▸ WHAT YOU SHOULD DO: Provide the data again exactly, including every line that follows.

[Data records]
───

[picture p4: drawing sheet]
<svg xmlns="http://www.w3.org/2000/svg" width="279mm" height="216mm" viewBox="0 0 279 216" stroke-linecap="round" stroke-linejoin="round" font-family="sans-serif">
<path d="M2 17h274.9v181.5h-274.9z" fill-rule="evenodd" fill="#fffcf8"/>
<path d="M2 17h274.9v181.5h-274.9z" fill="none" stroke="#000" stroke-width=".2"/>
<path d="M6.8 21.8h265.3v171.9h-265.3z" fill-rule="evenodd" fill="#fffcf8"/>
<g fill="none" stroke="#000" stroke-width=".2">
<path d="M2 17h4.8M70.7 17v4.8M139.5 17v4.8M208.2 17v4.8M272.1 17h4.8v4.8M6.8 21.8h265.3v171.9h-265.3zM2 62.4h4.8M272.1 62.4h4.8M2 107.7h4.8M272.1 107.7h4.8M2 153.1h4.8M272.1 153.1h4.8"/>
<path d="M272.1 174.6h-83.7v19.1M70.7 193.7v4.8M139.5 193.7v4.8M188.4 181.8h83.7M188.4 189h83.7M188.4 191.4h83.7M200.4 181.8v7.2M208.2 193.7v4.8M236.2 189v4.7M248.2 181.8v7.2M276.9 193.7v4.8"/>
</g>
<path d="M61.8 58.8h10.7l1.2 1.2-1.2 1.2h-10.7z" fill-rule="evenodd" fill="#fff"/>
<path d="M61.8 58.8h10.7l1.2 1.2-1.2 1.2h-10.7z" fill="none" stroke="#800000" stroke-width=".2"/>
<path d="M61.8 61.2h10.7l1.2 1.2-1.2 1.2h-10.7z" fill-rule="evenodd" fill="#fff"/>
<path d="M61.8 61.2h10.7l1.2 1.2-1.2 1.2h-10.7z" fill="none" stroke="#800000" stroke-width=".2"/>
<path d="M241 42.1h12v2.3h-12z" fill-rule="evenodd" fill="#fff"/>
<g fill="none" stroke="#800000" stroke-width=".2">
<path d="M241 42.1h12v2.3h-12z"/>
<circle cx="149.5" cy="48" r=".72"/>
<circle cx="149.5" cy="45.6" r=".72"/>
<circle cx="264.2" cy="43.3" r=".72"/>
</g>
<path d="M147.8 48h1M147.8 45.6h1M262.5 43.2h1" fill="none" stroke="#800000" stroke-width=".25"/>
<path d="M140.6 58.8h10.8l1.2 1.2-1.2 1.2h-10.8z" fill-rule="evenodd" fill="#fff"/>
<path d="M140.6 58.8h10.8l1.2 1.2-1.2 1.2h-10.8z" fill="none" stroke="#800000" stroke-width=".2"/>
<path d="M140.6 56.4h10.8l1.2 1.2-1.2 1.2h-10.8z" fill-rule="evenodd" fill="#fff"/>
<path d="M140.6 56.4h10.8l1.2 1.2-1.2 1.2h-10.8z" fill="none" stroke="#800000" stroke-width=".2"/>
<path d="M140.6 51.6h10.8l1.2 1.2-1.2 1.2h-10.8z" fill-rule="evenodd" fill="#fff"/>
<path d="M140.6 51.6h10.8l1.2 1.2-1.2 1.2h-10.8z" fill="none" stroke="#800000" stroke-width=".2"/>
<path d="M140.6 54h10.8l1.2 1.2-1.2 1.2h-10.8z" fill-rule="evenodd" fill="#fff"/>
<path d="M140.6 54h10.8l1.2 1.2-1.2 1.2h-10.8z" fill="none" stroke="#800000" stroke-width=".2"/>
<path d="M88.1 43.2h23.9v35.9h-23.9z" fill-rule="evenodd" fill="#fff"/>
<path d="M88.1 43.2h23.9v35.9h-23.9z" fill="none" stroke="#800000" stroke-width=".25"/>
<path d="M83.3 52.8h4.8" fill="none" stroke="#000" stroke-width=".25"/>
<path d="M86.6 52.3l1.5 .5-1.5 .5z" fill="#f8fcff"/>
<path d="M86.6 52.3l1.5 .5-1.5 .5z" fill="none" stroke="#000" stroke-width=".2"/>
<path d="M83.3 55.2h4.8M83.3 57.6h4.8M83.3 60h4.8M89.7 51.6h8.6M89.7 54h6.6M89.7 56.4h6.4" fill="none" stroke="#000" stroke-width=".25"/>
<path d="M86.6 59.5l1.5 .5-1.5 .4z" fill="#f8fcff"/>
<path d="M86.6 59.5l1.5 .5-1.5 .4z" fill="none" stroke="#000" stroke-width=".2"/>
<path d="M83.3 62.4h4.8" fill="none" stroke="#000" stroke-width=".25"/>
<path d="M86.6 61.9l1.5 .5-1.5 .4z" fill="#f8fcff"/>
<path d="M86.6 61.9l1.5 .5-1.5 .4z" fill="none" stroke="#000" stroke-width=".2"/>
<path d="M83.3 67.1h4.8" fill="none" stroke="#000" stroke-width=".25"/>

───

▸ TASK OUTPUT:
[picture p4: drawing sheet]
<svg xmlns="http://www.w3.org/2000/svg" width="279mm" height="216mm" viewBox="0 0 279 216" stroke-linecap="round" stroke-linejoin="round" font-family="sans-serif">
<path d="M2 17h274.9v181.5h-274.9z" fill-rule="evenodd" fill="#fffcf8"/>
<path d="M2 17h274.9v181.5h-274.9z" fill="none" stroke="#000" stroke-width=".2"/>
<path d="M6.8 21.8h265.3v171.9h-265.3z" fill-rule="evenodd" fill="#fffcf8"/>
<g fill="none" stroke="#000" stroke-width=".2">
<path d="M2 17h4.8M70.7 17v4.8M139.5 17v4.8M208.2 17v4.8M272.1 17h4.8v4.8M6.8 21.8h265.3v171.9h-265.3zM2 62.4h4.8M272.1 62.4h4.8M2 107.7h4.8M272.1 107.7h4.8M2 153.1h4.8M272.1 153.1h4.8"/>
<path d="M272.1 174.6h-83.7v19.1M70.7 193.7v4.8M139.5 193.7v4.8M188.4 181.8h83.7M188.4 189h83.7M188.4 191.4h83.7M200.4 181.8v7.2M208.2 193.7v4.8M236.2 189v4.7M248.2 181.8v7.2M276.9 193.7v4.8"/>
</g>
<path d="M61.8 58.8h10.7l1.2 1.2-1.2 1.2h-10.7z" fill-rule="evenodd" fill="#fff"/>
<path d="M61.8 58.8h10.7l1.2 1.2-1.2 1.2h-10.7z" fill="none" stroke="#800000" stroke-width=".2"/>
<path d="M61.8 61.2h10.7l1.2 1.2-1.2 1.2h-10.7z" fill-rule="evenodd" fill="#fff"/>
<path d="M61.8 61.2h10.7l1.2 1.2-1.2 1.2h-10.7z" fill="none" stroke="#800000" stroke-width=".2"/>
<path d="M241 42.1h12v2.3h-12z" fill-rule="evenodd" fill="#fff"/>
<g fill="none" stroke="#800000" stroke-width=".2">
<path d="M241 42.1h12v2.3h-12z"/>
<circle cx="149.5" cy="48" r=".72"/>
<circle cx="149.5" cy="45.6" r=".72"/>
<circle cx="264.2" cy="43.3" r=".72"/>
</g>
<path d="M147.8 48h1M147.8 45.6h1M262.5 43.2h1" fill="none" stroke="#800000" stroke-width=".25"/>
<path d="M140.6 58.8h10.8l1.2 1.2-1.2 1.2h-10.8z" fill-rule="evenodd" fill="#fff"/>
<path d="M140.6 58.8h10.8l1.2 1.2-1.2 1.2h-10.8z" fill="none" stroke="#800000" stroke-width=".2"/>
<path d="M140.6 56.4h10.8l1.2 1.2-1.2 1.2h-10.8z" fill-rule="evenodd" fill="#fff"/>
<path d="M140.6 56.4h10.8l1.2 1.2-1.2 1.2h-10.8z" fill="none" stroke="#800000" stroke-width=".2"/>
<path d="M140.6 51.6h10.8l1.2 1.2-1.2 1.2h-10.8z" fill-rule="evenodd" fill="#fff"/>
<path d="M140.6 51.6h10.8l1.2 1.2-1.2 1.2h-10.8z" fill="none" stroke="#800000" stroke-width=".2"/>
<path d="M140.6 54h10.8l1.2 1.2-1.2 1.2h-10.8z" fill-rule="evenodd" fill="#fff"/>
<path d="M140.6 54h10.8l1.2 1.2-1.2 1.2h-10.8z" fill="none" stroke="#800000" stroke-width=".2"/>
<path d="M88.1 43.2h23.9v35.9h-23.9z" fill-rule="evenodd" fill="#fff"/>
<path d="M88.1 43.2h23.9v35.9h-23.9z" fill="none" stroke="#800000" stroke-width=".25"/>
<path d="M83.3 52.8h4.8" fill="none" stroke="#000" stroke-width=".25"/>
<path d="M86.6 52.3l1.5 .5-1.5 .5z" fill="#f8fcff"/>
<path d="M86.6 52.3l1.5 .5-1.5 .5z" fill="none" stroke="#000" stroke-width=".2"/>
<path d="M83.3 55.2h4.8M83.3 57.6h4.8M83.3 60h4.8M89.7 51.6h8.6M89.7 54h6.6M89.7 56.4h6.4" fill="none" stroke="#000" stroke-width=".25"/>
<path d="M86.6 59.5l1.5 .5-1.5 .4z" fill="#f8fcff"/>
<path d="M86.6 59.5l1.5 .5-1.5 .4z" fill="none" stroke="#000" stroke-width=".2"/>
<path d="M83.3 62.4h4.8" fill="none" stroke="#000" stroke-width=".25"/>
<path d="M86.6 61.9l1.5 .5-1.5 .4z" fill="#f8fcff"/>
<path d="M86.6 61.9l1.5 .5-1.5 .4z" fill="none" stroke="#000" stroke-width=".2"/>
<path d="M83.3 67.1h4.8" fill="none" stroke="#000" stroke-width=".25"/>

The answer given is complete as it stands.